- _Directions for this task_: Transcribe the records below from the first line to the line that includes "(0, 0, 0) normal (1, 0, 0)", inclusive, and omit the pictures.

- _Supplied material_:
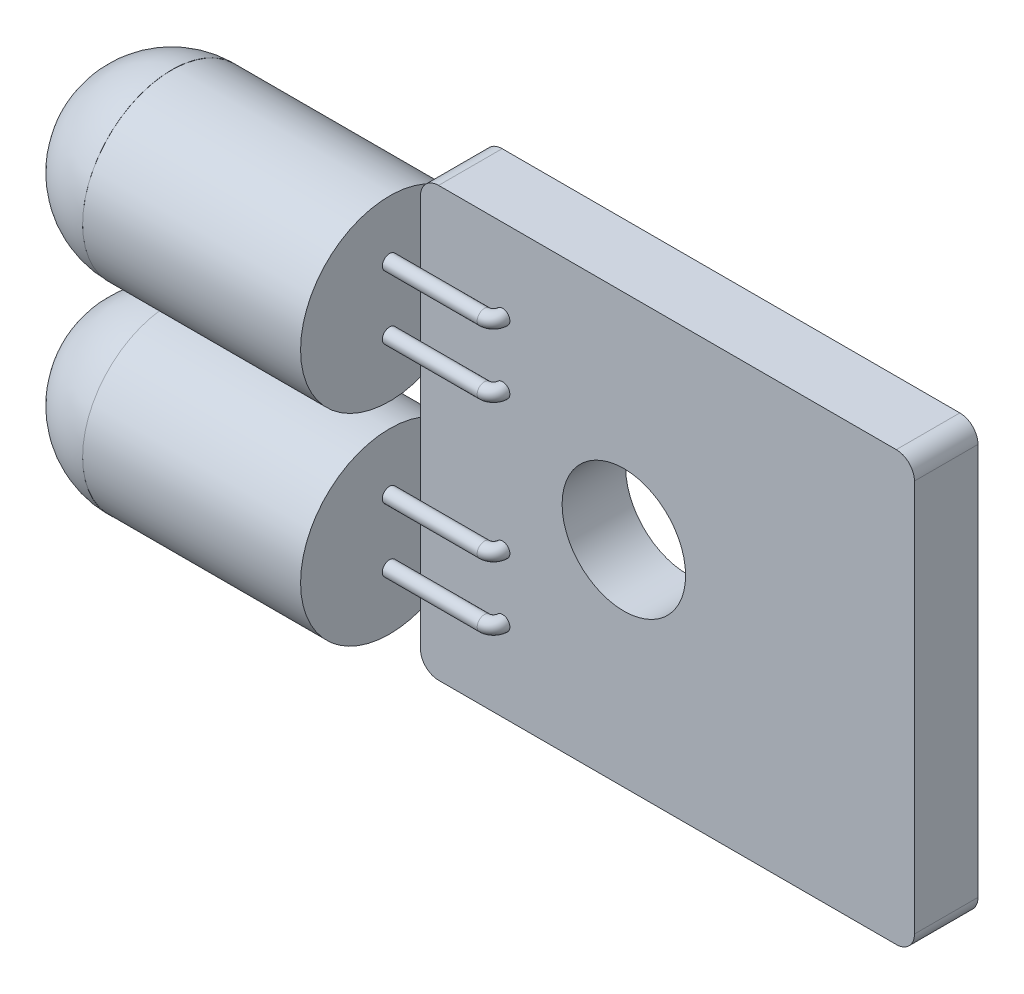
SolidWorks part; units mm, degrees
ref_plane "前视基准面" through (0, 0, 0) normal (0, 0, 1) x (1, 0, 0)
ref_plane "上视基准面" through (0, 0, 0) normal (0, 1, 0) x (1, 0, 0)
ref_plane "右视基准面" through (0, 0, 0) normal (1, 0, 0) x (0, 0, -1)
ref_plane "基准面5" through (-0.6, 0, 0) normal (1, 0, 0) x (0, 0, -1)
sketch "草图1" plane through (0, 0, 0) normal (0, 0, 1) x (1, 0, 0)
  line L1 (0, 0) -> (13.6, 0)
  line L2 (0, 0) -> (0, -11.8)
  line L3 (0, -11.8) -> (13.6, -11.8)
  line L4 (13.6, 0) -> (13.6, -11.8)
  dimension "D1" = 13.6
  dimension "D2" = 11.8
extrude "凸台-拉伸1" add sketch "草图1" along normal blind 1.75
sketch "草图2" plane through (0, 0, 1.75) normal (0, 0, 1) x (1, 0, 0)
  line L0 (-0.6, -2) -> (2.0121, -2)
  line L1 (-0.6, -3.75) -> (-0.6, -4.25)
  line L2 (-0.6, -7.55) -> (-0.6, -8.05)
  line L3 (-2.3025, -5.9) -> (15.3291, -5.9) construction
  line L4 (-0.6, -2.5) -> (2.0121, -2.5)
  line L5 (-0.6, -3.75) -> (2.0121, -3.75)
  line L6 (-0.6, -4.25) -> (2.0121, -4.25)
  line L7 (-0.6, -7.55) -> (2.0121, -7.55)
  line L8 (-0.6, -8.05) -> (2.0121, -8.05)
  line L9 (-0.6, -9.3) -> (2.0121, -9.3)
  line L10 (-0.6, -9.8) -> (2.0121, -9.8)
  line L11 (-0.6, -9.3) -> (-0.6, -9.8)
  line L12 (0, 0) -> (0, -11.8) construction
  line L15 (-0.6, -2) -> (-0.6, -2.5)
  line L16 (2.0121, -2) -> (2.0121, -2.5)
  line L17 (2.0121, -3.75) -> (2.0121, -4.25)
  line L18 (2.0121, -7.55) -> (2.0121, -8.05)
  line L19 (2.0121, -9.3) -> (2.0121, -9.8)
  point P10 (-0.6, -4)
  point P17 (-0.6, -2.25)
  dimension "D1" = 1.9
  dimension "D2" = 3.65
  dimension "D3" = 0.5
  dimension "D4" = 2.0121
extrude "凸台-拉伸2" [suppressed] add sketch "草图2" along normal blind 0.5
sketch "草图3" plane through (-0.6, 0, 0) normal (-1, 0, 0) x (0, 0, 1)
  line L0 (2, -2.5) -> (2, -3.75)
  line L5 (2, -8.05) -> (2, -9.3)
  circle A0 centre (2, -3.125) radius 2.45
  circle A1 centre (2, -8.675) radius 2.45
extrude "凸台-拉伸11" add sketch "草图3" along normal blind 6 contours A0 | A1
ref_plane "基准面2" through (0, -5.9, 1.75) normal (0, -1, 0) x (-1, 0, 0)
ref_plane "基准面6" through (0, -3.12, 1.75) normal (0, -1, 0) x (-1, 0, 0)
sketch "草图5" plane through (0, -3.12, 1.75) normal (0, -1, 0) x (-1, 0, 0)
  line L1 (6.6, -0.25) -> (9.05, -0.25)
  line L2 (6.6, 2.2) -> (6.6, -0.25)
  arc A0 (9.05, -0.25) -> (6.6, 2.2) centre (6.6, -0.25) ccw
revolve "旋转1" add sketch "草图5" angle 360 about L1
sketch "草图6" plane through (0, 0, 0) normal (0, 0, -1) x (-1, 0, 0)
  line L0 (-5.6, 0) -> (-5.6, -11.8)
  line L1 (-13.6, 0) -> (0, 0) construction
  line L2 (0, -11.8) -> (-13.6, -11.8) construction
  circle A0 centre (-5.6, -5.9) radius 1.7
  dimension "D1" = 5.6
extrude "切除-拉伸1" cut sketch "草图6" against normal through all contours L0 A0 | L0 A0
ref_plane "基准面3" through (0, -4, 1.75) normal (0, -1, 0) x (-1, 0, 0)
ref_plane "基准面4" through (0, -2.25, 1.75) normal (0, -1, 0) x (-1, 0, 0)
sketch "草图9" plane through (0, -4, 1.75) normal (0, -1, 0) x (-1, 0, 0)
  line L0 (0.6, -0.25) -> (-2.0121, -0.25)
  arc A0 (-2.2621, 0) -> (-2.0121, -0.25) centre (-2.0121, 0) ccw
sweep "扫描3" add path "草图9" circular profile diameter 0.4 parameters "D3"=0.4
sketch "草图40" plane through (0, -2.25, 1.75) normal (0, -1, 0) x (-1, 0, 0)
  line L0 (0.6, -0.25) -> (-2.0121, -0.25) construction
  line L1 (0.6, -0.25) -> (-2.0121, -0.25)
  arc A0 (-2.2621, 0) -> (-2.0121, -0.25) centre (-2.0121, 0) ccw construction
  arc A1 (-2.2621, 0) -> (-2.0121, -0.25) centre (-2.0121, 0) ccw
sweep "扫描4" add path "草图40" circular profile diameter 0.4 parameters "D3"=0.4
mirror "镜向1" about plane through (0, -5.9, 1.75) normal (0, -1, 0) of "扫描3", "扫描4", "旋转1"
fillet "圆角1" radius 0.5 4 edges at (13.6, 0, 0.875) (0, 0, 0.875) (0, -11.8, 0.875) (13.6, -11.8, 0.875)

- _Written solution_:
SolidWorks part; units mm, degrees
ref_plane "前视基准面" through (0, 0, 0) normal (0, 0, 1) x (1, 0, 0)
ref_plane "上视基准面" through (0, 0, 0) normal (0, 1, 0) x (1, 0, 0)
ref_plane "右视基准面" through (0, 0, 0) normal (1, 0, 0) x (0, 0, -1)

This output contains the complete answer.